Gubernur Maluku Utara yang baru, Penjabat Gubernur Drs. H. Samsuddin A. Kadir, M.Si, juga mendapat sorotan untuk turun tangan menyelesaikan konflik ini, mengingat dampaknya terhadap stabilitas sosial dan investasi publik.
*Analisis Hukum Cacat Prosedural dan Substansial*
Berdasarkan UU No. 5/1960 tentang Pokok Agraria (UUPA), Pasal 24 UUPA mensyaratkan Hak Pakai hanya diberikan kepada warga Indonesia, badan hukum, atau instansi pemerintah dengan jangka waktu tertentu. Jika klaim POLRI benar, Kapolda wajib membuktikan legalitas sertifikat dan proses perolehannya.
Pasal 53 UUPA juga mewajibkan sertifikat tanah didukung bukti kepemilikan historis yang jelas dan dapat dipertanggungjawabkan.
*Dampak Terhadap Fasilitas Publik*
Sport Hall Marimoi yang telah beroperasi dan menjadi kebanggaan masyarakat Ternate kini terancam statusnya. Dinas Pemuda dan Olahraga (Dispora) Kota Ternate yang telah menerima penyerahan aset Sport Hall dari PUPR pada 14 Januari 2022 dan telah mengelolanya sebagai sumber Pendapatan Asli Daerah (PAD), kini menghadapi ketidakpastian hukum.
*Rekomendasi dan Langkah Selanjutnya*
1. Moratorium Somasi: Polda Maluku Utara perlu menghentikan sementara somasi hingga ada klarifikasi status hibah 2020
2. Audit Komprehensif: Perlunya audit menyeluruh terhadap seluruh dokumen terkait sejak era kolonial hingga sekarang
3. Mediasi Multi-Pihak Melibatkan BPN, Kemendagri, Polda, Pemkot, dan perwakilan masyarakat dalam dialog terbuka
4. Perlindungan Investasi Publik Memastikan Sport Hall dan fasilitas publik lainnya tidak terganggu operasionalnya
Kasus Ubo-Ubo bukan sekadar sengketa lahan biasa, melainkan cerminan dari inkonsistensi kebijakan dan lemahnya koordinasi antar instansi. Masyarakat yang telah mendiami lahan turun-temurun dan pemerintah daerah yang telah menginvestasikan dana publik tidak boleh menjadi korban dari ketidakkonsistenan ini.

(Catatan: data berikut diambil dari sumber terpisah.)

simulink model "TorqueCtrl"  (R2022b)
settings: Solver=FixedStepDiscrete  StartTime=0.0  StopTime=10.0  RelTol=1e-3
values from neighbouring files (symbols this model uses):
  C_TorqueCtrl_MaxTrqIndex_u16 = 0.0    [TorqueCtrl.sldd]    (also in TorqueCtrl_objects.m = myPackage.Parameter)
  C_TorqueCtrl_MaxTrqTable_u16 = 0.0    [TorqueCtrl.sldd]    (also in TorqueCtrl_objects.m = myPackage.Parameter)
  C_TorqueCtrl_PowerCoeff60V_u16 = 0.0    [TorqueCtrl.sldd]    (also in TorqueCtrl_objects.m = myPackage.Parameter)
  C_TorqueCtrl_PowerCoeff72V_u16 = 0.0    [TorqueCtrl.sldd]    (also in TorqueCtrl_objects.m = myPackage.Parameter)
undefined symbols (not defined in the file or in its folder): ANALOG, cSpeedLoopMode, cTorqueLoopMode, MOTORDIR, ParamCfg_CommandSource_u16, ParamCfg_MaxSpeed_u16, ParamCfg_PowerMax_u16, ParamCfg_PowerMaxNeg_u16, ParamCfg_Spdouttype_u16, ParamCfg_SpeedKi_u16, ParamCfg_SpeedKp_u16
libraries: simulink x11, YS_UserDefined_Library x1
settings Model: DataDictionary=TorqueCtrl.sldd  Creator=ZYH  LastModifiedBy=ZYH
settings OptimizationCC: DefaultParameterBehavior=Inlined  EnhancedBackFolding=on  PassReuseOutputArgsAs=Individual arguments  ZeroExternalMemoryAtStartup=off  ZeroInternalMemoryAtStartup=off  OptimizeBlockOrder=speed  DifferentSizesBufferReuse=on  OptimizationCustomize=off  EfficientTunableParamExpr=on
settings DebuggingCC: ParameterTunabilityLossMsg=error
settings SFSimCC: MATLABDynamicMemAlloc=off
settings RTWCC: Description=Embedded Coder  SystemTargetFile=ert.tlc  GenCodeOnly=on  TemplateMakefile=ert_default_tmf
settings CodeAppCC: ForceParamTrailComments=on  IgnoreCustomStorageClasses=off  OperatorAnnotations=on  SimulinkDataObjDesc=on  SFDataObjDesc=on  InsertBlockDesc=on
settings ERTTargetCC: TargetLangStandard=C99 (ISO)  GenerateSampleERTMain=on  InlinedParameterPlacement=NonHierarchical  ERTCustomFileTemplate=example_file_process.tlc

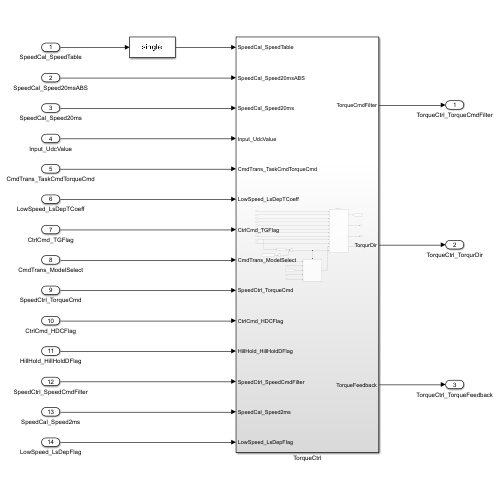
[thumbnail: Simulink's stored preview of the top-level diagram]
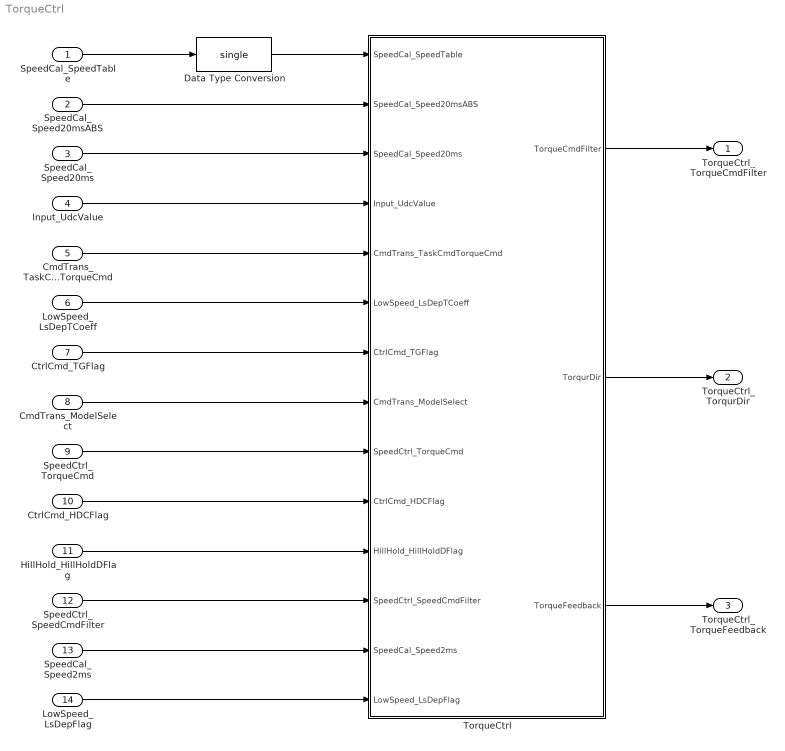
== system TorqueCtrl ==
  SpeedCal_SpeedTable : Inport
  SpeedCal_Speed20msABS : Inport  Port=2
  SpeedCal_Speed20ms : Inport  Port=3
  Input_UdcValue : Inport  Port=4
  CmdTrans_TaskCmdTorqueCmd : Inport  Port=5
  LowSpeed_LsDepTCoeff : Inport  Port=6
  CtrlCmd_TGFlag : Inport  Port=7
  CmdTrans_ModelSelect : Inport  Port=8
  SpeedCtrl_TorqueCmd : Inport  Port=9
  CtrlCmd_HDCFlag : Inport  Port=10
  HillHold_HillHoldDFlag : Inport  Port=11
  SpeedCtrl_SpeedCmdFilter : Inport  Port=12
  SpeedCal_Speed2ms : Inport  Port=13
  LowSpeed_LsDepFlag : Inport  Port=14
  Data Type Conversion : DataTypeConversion  OutDataTypeStr=single  SaturateOnIntegerOverflow=off  RndMeth=Floor
  TorqueCtrl : Subsystem
  TorqueCtrl_TorqueCmdFilter : Outport
  TorqueCtrl_TorqurDir : Outport  Port=2
  TorqueCtrl_TorqueFeedback : Outport  Port=3
  wires:
  SpeedCal_SpeedTable/1 -> Data Type Conversion/1
  Data Type Conversion/1 -> TorqueCtrl/1(SpeedCal_SpeedTable)
  SpeedCal_Speed20msABS/1 -> TorqueCtrl/2(SpeedCal_Speed20msABS)
  Input_UdcValue/1 -> TorqueCtrl/4(Input_UdcValue)
  CmdTrans_TaskCmdTorqueCmd/1 -> TorqueCtrl/5(CmdTrans_TaskCmdTorqueCmd)
  SpeedCal_Speed20ms/1 -> TorqueCtrl/3(SpeedCal_Speed20ms)
  LowSpeed_LsDepTCoeff/1 -> TorqueCtrl/6(LowSpeed_LsDepTCoeff)
  SpeedCtrl_TorqueCmd/1 -> TorqueCtrl/9(SpeedCtrl_TorqueCmd)
  CmdTrans_ModelSelect/1 -> TorqueCtrl/8(CmdTrans_ModelSelect)
  CtrlCmd_TGFlag/1 -> TorqueCtrl/7(CtrlCmd_TGFlag)
  TorqueCtrl/1(TorqueCmdFilter) -> TorqueCtrl_TorqueCmdFilter/1
  TorqueCtrl/2(TorqurDir) -> TorqueCtrl_TorqurDir/1
  TorqueCtrl/3(TorqueFeedback) -> TorqueCtrl_TorqueFeedback/1
  CtrlCmd_HDCFlag/1 -> TorqueCtrl/10(CtrlCmd_HDCFlag)
  HillHold_HillHoldDFlag/1 -> TorqueCtrl/11(HillHold_HillHoldDFlag)
  SpeedCtrl_SpeedCmdFilter/1 -> TorqueCtrl/12(SpeedCtrl_SpeedCmdFilter)
  SpeedCal_Speed2ms/1 -> TorqueCtrl/13(SpeedCal_Speed2ms)
  LowSpeed_LsDepFlag/1 -> TorqueCtrl/14(LowSpeed_LsDepFlag)

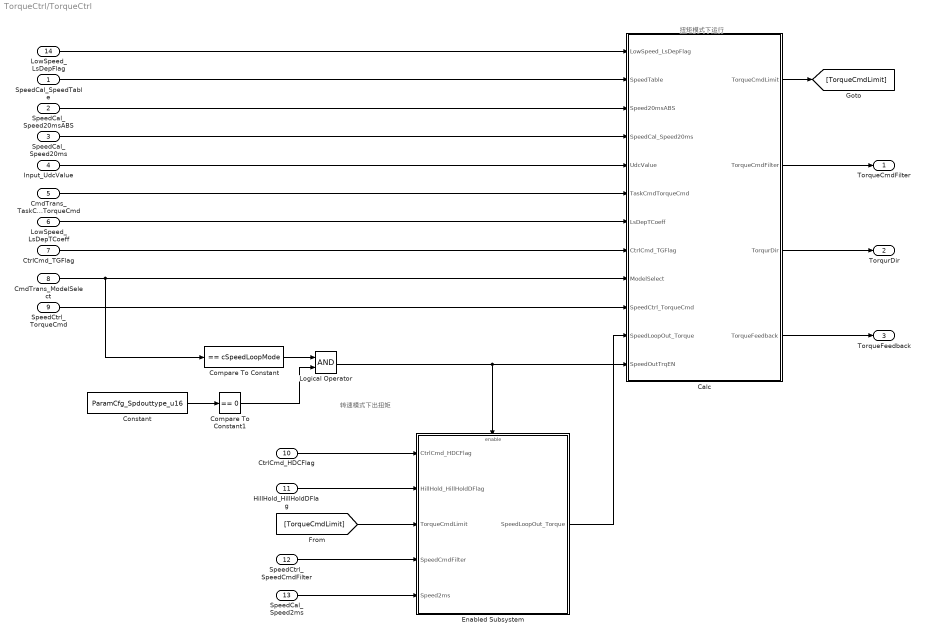
== system TorqueCtrl/TorqueCtrl ==
  note: 转速模式下出扭矩
  note: 扭矩模式下运行
  SpeedCal_SpeedTable : Inport
  SpeedCal_Speed20msABS : Inport  Port=2
  SpeedCal_Speed20ms : Inport  Port=3
  Input_UdcValue : Inport  Port=4
  CmdTrans_TaskCmdTorqueCmd : Inport  Port=5
  LowSpeed_LsDepTCoeff : Inport  Port=6
  CtrlCmd_TGFlag : Inport  Port=7
  CmdTrans_ModelSelect : Inport  Port=8
  SpeedCtrl_TorqueCmd : Inport  Port=9
  CtrlCmd_HDCFlag : Inport  Port=10
  HillHold_HillHoldDFlag : Inport  Port=11
  SpeedCtrl_SpeedCmdFilter : Inport  Port=12
  SpeedCal_Speed2ms : Inport  Port=13
  LowSpeed_LsDepFlag : Inport  Port=14
  Calc : Subsystem
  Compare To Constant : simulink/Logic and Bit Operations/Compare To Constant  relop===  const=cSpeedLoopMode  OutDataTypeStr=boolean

"Transparansi, konsistensi, dan itikad baik dari semua pihakmenjadi kunci penyelesaian konflik yang telah berlangsung puluhan tahun ini. Jangan sampai fasilitas publik yang telah memberikan manfaat bagi masyarakat menjadi tumbal dari sengketa yang sebenarnya dapat diselesaikan melalui koordinasi yang baik." pungkas Iswan Samma. (Tim/Red).